Set every record down verbatim and omit the pictures.

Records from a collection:
•••••
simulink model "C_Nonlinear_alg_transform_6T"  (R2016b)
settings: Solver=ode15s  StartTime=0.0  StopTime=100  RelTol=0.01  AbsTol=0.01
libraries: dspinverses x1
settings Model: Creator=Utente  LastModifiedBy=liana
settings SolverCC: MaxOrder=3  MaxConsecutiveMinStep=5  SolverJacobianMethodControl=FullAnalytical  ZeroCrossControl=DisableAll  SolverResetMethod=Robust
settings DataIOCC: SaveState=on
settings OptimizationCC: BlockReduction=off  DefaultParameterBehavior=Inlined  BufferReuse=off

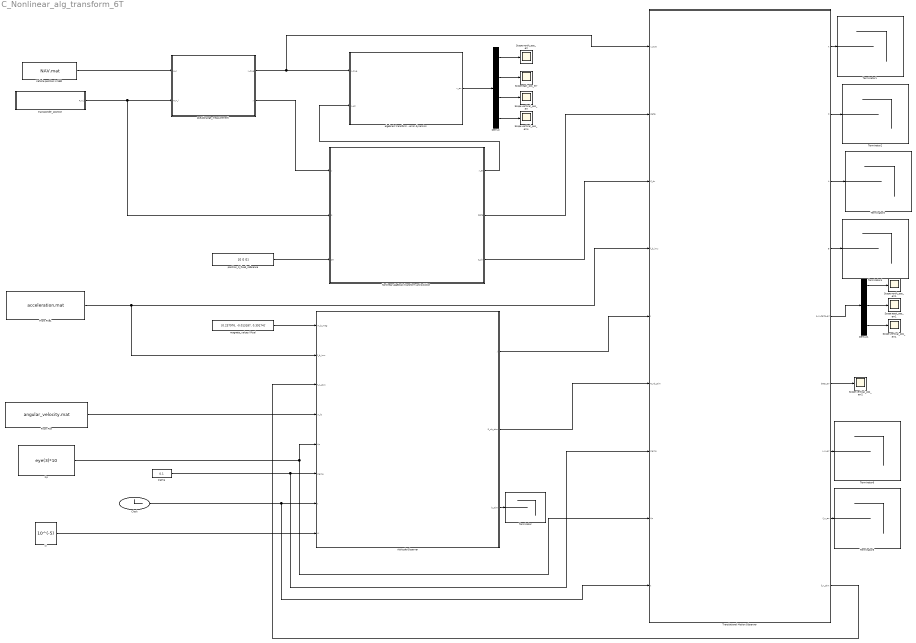
== system C_Nonlinear_alg_transform_6T ==
  Attitude Observer : Subsystem
  Clock : Clock
      settings: Decimation=50
  Demux : Demux
  Demux1 : Demux  Outputs=3
  From File : FromFile  FileName=angular_velocity.mat  SampleTime=0
  From File1 : FromFile  FileName=acceleration.mat  SampleTime=0
  Kp : Constant  Value=eye(3)*10
  Nonlinear algebraic transform and solution : Subsystem
  Scope east_pos_err : Scope
  Scope east_pos_err1 : Scope
  Scope north_pos_err : Scope
  Scope north_pos_err1 : Scope
  Scope vertical_pos_err{,1..2,4} (4 alike) : Scope
  Terminator{,1..6} (7 alike) : Terminator
  Translational Motion Observer : Subsystem
  Vehicle position in NED : FromFile  FileName=NAV.mat
  algebraic transform - error dynamics : Subsystem
  ki : Constant  Value=10^(-5)
  magneto_values (Pisa) : Constant  Value=[0.237976, -0.013187, 0.39174]'
  position_0_fixed_reference : Constant  Value=[0 0 0]
  "pseudorange_measurement " : Subsystem
  sigma : Constant  Value=0.1
  transponder_position : Subsystem
  wires:
  Demux/1 -> Scope north_pos_err/1
  Demux/2 -> Scope east_pos_err/1
  Demux/3 -> Scope vertical_pos_err/1
  Nonlinear algebraic transform and solution/1(x_at) -> algebraic transform - error dynamics/2(x_at)
  Demux/4 -> Scope vertical_pos_err4/1
  position_0_fixed_reference/1 -> Nonlinear algebraic transform and solution/3(p0)
  Nonlinear algebraic transform and solution/2(delta) -> Translational Motion Observer/2(delta)
  Nonlinear algebraic transform and solution/3(C_dx) -> Translational Motion Observer/3(C_dx)
  Vehicle position in NED/1 -> "pseudorange_measurement "/1(p_n)
  "pseudorange_measurement "/2("y ") -> Nonlinear algebraic transform and solution/1(y)
  algebraic transform - error dynamics/1(x_err) -> Demux/1
  transponder_position/1(p_n_i) -> Nonlinear algebraic transform and solution/2(p), "pseudorange_measurement "/2(p_n_i)
  magneto_values (Pisa)/1 -> Attitude Observer/1(m_b_mag)
  Translational Motion Observer/9(f_n_stim) -> Attitude Observer/3(f_n_stim)
  Attitude Observer/1(J) -> Translational Motion Observer/5(J)
  Attitude Observer/2(R_nb_stim) -> Translational Motion Observer/6(R_nb_stim)
  From File1/1 -> Attitude Observer/2(f_b_imu), Translational Motion Observer/4(f_b_imu)
  Kp/1 -> Attitude Observer/5(Kp), Translational Motion Observer/8(Kp)
  sigma/1 -> Translational Motion Observer/7(sigma), Attitude Observer/6(sigma)
  ki/1 -> Attitude Observer/8(Ki)
  Clock/1 -> Translational Motion Observer/9(t), Attitude Observer/7(t)
  From File/1 -> Attitude Observer/4(w_ib)
  Attitude Observer/3(b_stim) -> Terminator/1
  "pseudorange_measurement "/1(x_true) -> Translational Motion Observer/1(x_true), algebraic transform - error dynamics/1(x_true)
  Translational Motion Observer/1(K) -> Terminator1/1
  Translational Motion Observer/2("C ") -> Terminator2/1
  Translational Motion Observer/3(" A") -> Terminator3/1
  Translational Motion Observer/4(B) -> Terminator4/1
  Translational Motion Observer/8(f_n_err) -> Terminator5/1
  Translational Motion Observer/7(v_n_err) -> Terminator6/1
  Demux1/1 -> Scope north_pos_err1/1
  Demux1/2 -> Scope east_pos_err1/1
  Demux1/3 -> Scope vertical_pos_err1/1
  Translational Motion Observer/6(beta_err) -> Scope vertical_pos_err2/1
  Translational Motion Observer/5(p_n_delta_err) -> Demux1/1

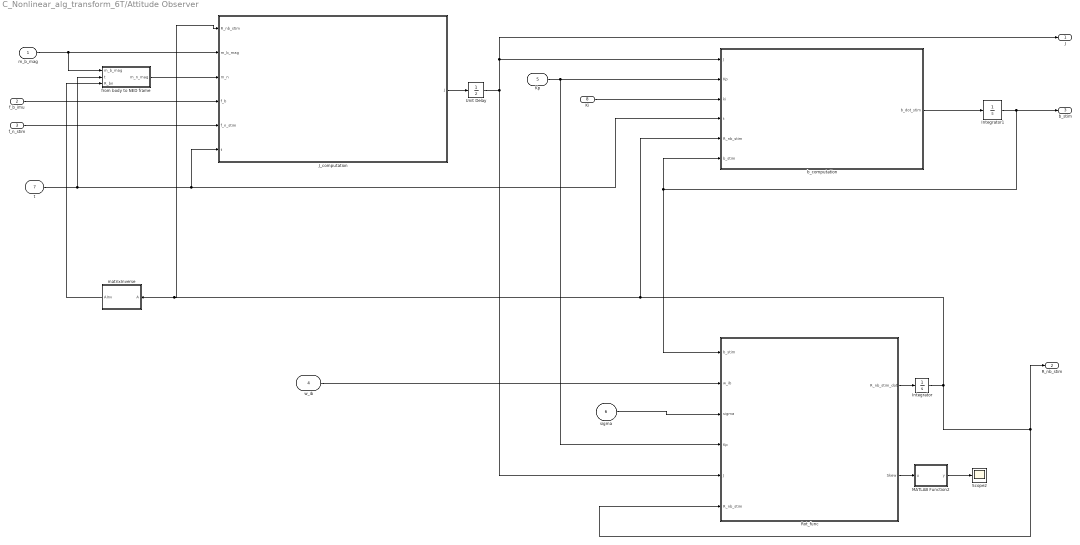
== system C_Nonlinear_alg_transform_6T/Attitude Observer ==
  m_b_mag : Inport
  f_b_imu : Inport  Port=2
  f_n_stim : Inport  Port=3
  w_ib : Inport  Port=4
  Kp : Inport  Port=5
  sigma : Inport  Port=6
  t : Inport  Port=7
  Ki : Inport  Port=8
  Integrator : Integrator  InitialCondition=eye(3)  AbsoluteTolerance=0.0000000001
  Integrator1 : Integrator  InitialCondition=0.02  UpperSaturationLimit=100  LowerSaturationLimit=-100  AbsoluteTolerance=0.0000001
  J_computation : Subsystem
  MATLAB Function2 : MATLAB Function  TreatAsAtomicUnit=on
  Rot_func : MATLAB Function  TreatAsAtomicUnit=on
  Scope2 : Scope
  Unit Delay : UnitDelay  SampleTime=-1
  b_computation : MATLAB Function  TreatAsAtomicUnit=on
  from body to NED frame : MATLAB Function  TreatAsAtomicUnit=on
  matrixInverse : MATLAB Function  TreatAsAtomicUnit=on
  J : Outport
  R_nb_stim : Outport  Port=2
  b_stim : Outport  Port=3
  wires:
  m_b_mag/1 -> from body to NED frame/1(m_b_mag), J_computation/2(m_b_mag)
  from body to NED frame/1(m_n_mag) -> J_computation/3(m_n)
  f_b_imu/1 -> J_computation/4(f_b)
  Kp/1 -> Rot_func/4(Kp), b_computation/2(Kp)
  Ki/1 -> b_computation/3(ki)
  sigma/1 -> Rot_func/3(sigma)
  w_ib/1 -> Rot_func/2(w_ib)
  t/1 -> from body to NED frame/2(t), b_computation/4(t), J_computation/6(t)
  b_computation/1(b_dot_stim) -> Integrator1/1
  matrixInverse/1(AInv) -> from body to NED frame/3(R_bn)
  MATLAB Function2/1(y) -> Scope2/1
  Rot_func/2(Skew) -> MATLAB Function2/1(u)
  Rot_func/1(R_nb_stim_dot) -> Integrator/1
  f_n_stim/1 -> J_computation/5(f_n_stim)
  Integrator/1 -> J_computation/1(R_nb_stim), matrixInverse/1(A), b_computation/5(R_nb_stim), Rot_func/6(R_nb_stim), R_nb_stim/1
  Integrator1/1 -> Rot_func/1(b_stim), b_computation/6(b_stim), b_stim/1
•••••
EXERCISE ANSWER –
simulink model "C_Nonlinear_alg_transform_6T"  (R2016b)
settings: Solver=ode15s  StartTime=0.0  StopTime=100  RelTol=0.01  AbsTol=0.01
libraries: dspinverses x1
settings Model: Creator=Utente  LastModifiedBy=liana
settings SolverCC: MaxOrder=3  MaxConsecutiveMinStep=5  SolverJacobianMethodControl=FullAnalytical  ZeroCrossControl=DisableAll  SolverResetMethod=Robust
settings DataIOCC: SaveState=on
settings OptimizationCC: BlockReduction=off  DefaultParameterBehavior=Inlined  BufferReuse=off

== system C_Nonlinear_alg_transform_6T ==
  Attitude Observer : Subsystem
  Clock : Clock
      settings: Decimation=50
  Demux : Demux
  Demux1 : Demux  Outputs=3
  From File : FromFile  FileName=angular_velocity.mat  SampleTime=0
  From File1 : FromFile  FileName=acceleration.mat  SampleTime=0
  Kp : Constant  Value=eye(3)*10
  Nonlinear algebraic transform and solution : Subsystem
  Scope east_pos_err : Scope
  Scope east_pos_err1 : Scope
  Scope north_pos_err : Scope
  Scope north_pos_err1 : Scope
  Scope vertical_pos_err{,1..2,4} (4 alike) : Scope
  Terminator{,1..6} (7 alike) : Terminator
  Translational Motion Observer : Subsystem
  Vehicle position in NED : FromFile  FileName=NAV.mat
  algebraic transform - error dynamics : Subsystem
  ki : Constant  Value=10^(-5)
  magneto_values (Pisa) : Constant  Value=[0.237976, -0.013187, 0.39174]'
  position_0_fixed_reference : Constant  Value=[0 0 0]
  "pseudorange_measurement " : Subsystem
  sigma : Constant  Value=0.1
  transponder_position : Subsystem
  wires:
  Demux/1 -> Scope north_pos_err/1
  Demux/2 -> Scope east_pos_err/1
  Demux/3 -> Scope vertical_pos_err/1
  Nonlinear algebraic transform and solution/1(x_at) -> algebraic transform - error dynamics/2(x_at)
  Demux/4 -> Scope vertical_pos_err4/1
  position_0_fixed_reference/1 -> Nonlinear algebraic transform and solution/3(p0)
  Nonlinear algebraic transform and solution/2(delta) -> Translational Motion Observer/2(delta)
  Nonlinear algebraic transform and solution/3(C_dx) -> Translational Motion Observer/3(C_dx)
  Vehicle position in NED/1 -> "pseudorange_measurement "/1(p_n)
  "pseudorange_measurement "/2("y ") -> Nonlinear algebraic transform and solution/1(y)
  algebraic transform - error dynamics/1(x_err) -> Demux/1
  transponder_position/1(p_n_i) -> Nonlinear algebraic transform and solution/2(p), "pseudorange_measurement "/2(p_n_i)
  magneto_values (Pisa)/1 -> Attitude Observer/1(m_b_mag)
  Translational Motion Observer/9(f_n_stim) -> Attitude Observer/3(f_n_stim)
  Attitude Observer/1(J) -> Translational Motion Observer/5(J)
  Attitude Observer/2(R_nb_stim) -> Translational Motion Observer/6(R_nb_stim)
  From File1/1 -> Attitude Observer/2(f_b_imu), Translational Motion Observer/4(f_b_imu)
  Kp/1 -> Attitude Observer/5(Kp), Translational Motion Observer/8(Kp)
  sigma/1 -> Translational Motion Observer/7(sigma), Attitude Observer/6(sigma)
  ki/1 -> Attitude Observer/8(Ki)
  Clock/1 -> Translational Motion Observer/9(t), Attitude Observer/7(t)
  From File/1 -> Attitude Observer/4(w_ib)
  Attitude Observer/3(b_stim) -> Terminator/1
  "pseudorange_measurement "/1(x_true) -> Translational Motion Observer/1(x_true), algebraic transform - error dynamics/1(x_true)
  Translational Motion Observer/1(K) -> Terminator1/1
  Translational Motion Observer/2("C ") -> Terminator2/1
  Translational Motion Observer/3(" A") -> Terminator3/1
  Translational Motion Observer/4(B) -> Terminator4/1
  Translational Motion Observer/8(f_n_err) -> Terminator5/1
  Translational Motion Observer/7(v_n_err) -> Terminator6/1
  Demux1/1 -> Scope north_pos_err1/1
  Demux1/2 -> Scope east_pos_err1/1
  Demux1/3 -> Scope vertical_pos_err1/1
  Translational Motion Observer/6(beta_err) -> Scope vertical_pos_err2/1
  Translational Motion Observer/5(p_n_delta_err) -> Demux1/1

== system C_Nonlinear_alg_transform_6T/Attitude Observer ==
  m_b_mag : Inport
  f_b_imu : Inport  Port=2
  f_n_stim : Inport  Port=3
  w_ib : Inport  Port=4
  Kp : Inport  Port=5
  sigma : Inport  Port=6
  t : Inport  Port=7
  Ki : Inport  Port=8
  Integrator : Integrator  InitialCondition=eye(3)  AbsoluteTolerance=0.0000000001
  Integrator1 : Integrator  InitialCondition=0.02  UpperSaturationLimit=100  LowerSaturationLimit=-100  AbsoluteTolerance=0.0000001
  J_computation : Subsystem
  MATLAB Function2 : MATLAB Function  TreatAsAtomicUnit=on
  Rot_func : MATLAB Function  TreatAsAtomicUnit=on
  Scope2 : Scope
  Unit Delay : UnitDelay  SampleTime=-1
  b_computation : MATLAB Function  TreatAsAtomicUnit=on
  from body to NED frame : MATLAB Function  TreatAsAtomicUnit=on
  matrixInverse : MATLAB Function  TreatAsAtomicUnit=on
  J : Outport
  R_nb_stim : Outport  Port=2
  b_stim : Outport  Port=3
  wires:
  m_b_mag/1 -> from body to NED frame/1(m_b_mag), J_computation/2(m_b_mag)
  from body to NED frame/1(m_n_mag) -> J_computation/3(m_n)
  f_b_imu/1 -> J_computation/4(f_b)
  Kp/1 -> Rot_func/4(Kp), b_computation/2(Kp)
  Ki/1 -> b_computation/3(ki)
  sigma/1 -> Rot_func/3(sigma)
  w_ib/1 -> Rot_func/2(w_ib)
  t/1 -> from body to NED frame/2(t), b_computation/4(t), J_computation/6(t)
  b_computation/1(b_dot_stim) -> Integrator1/1
  matrixInverse/1(AInv) -> from body to NED frame/3(R_bn)
  MATLAB Function2/1(y) -> Scope2/1
  Rot_func/2(Skew) -> MATLAB Function2/1(u)
  Rot_func/1(R_nb_stim_dot) -> Integrator/1
  f_n_stim/1 -> J_computation/5(f_n_stim)
  Integrator/1 -> J_computation/1(R_nb_stim), matrixInverse/1(A), b_computation/5(R_nb_stim), Rot_func/6(R_nb_stim), R_nb_stim/1
  Integrator1/1 -> Rot_func/1(b_stim), b_computation/6(b_stim), b_stim/1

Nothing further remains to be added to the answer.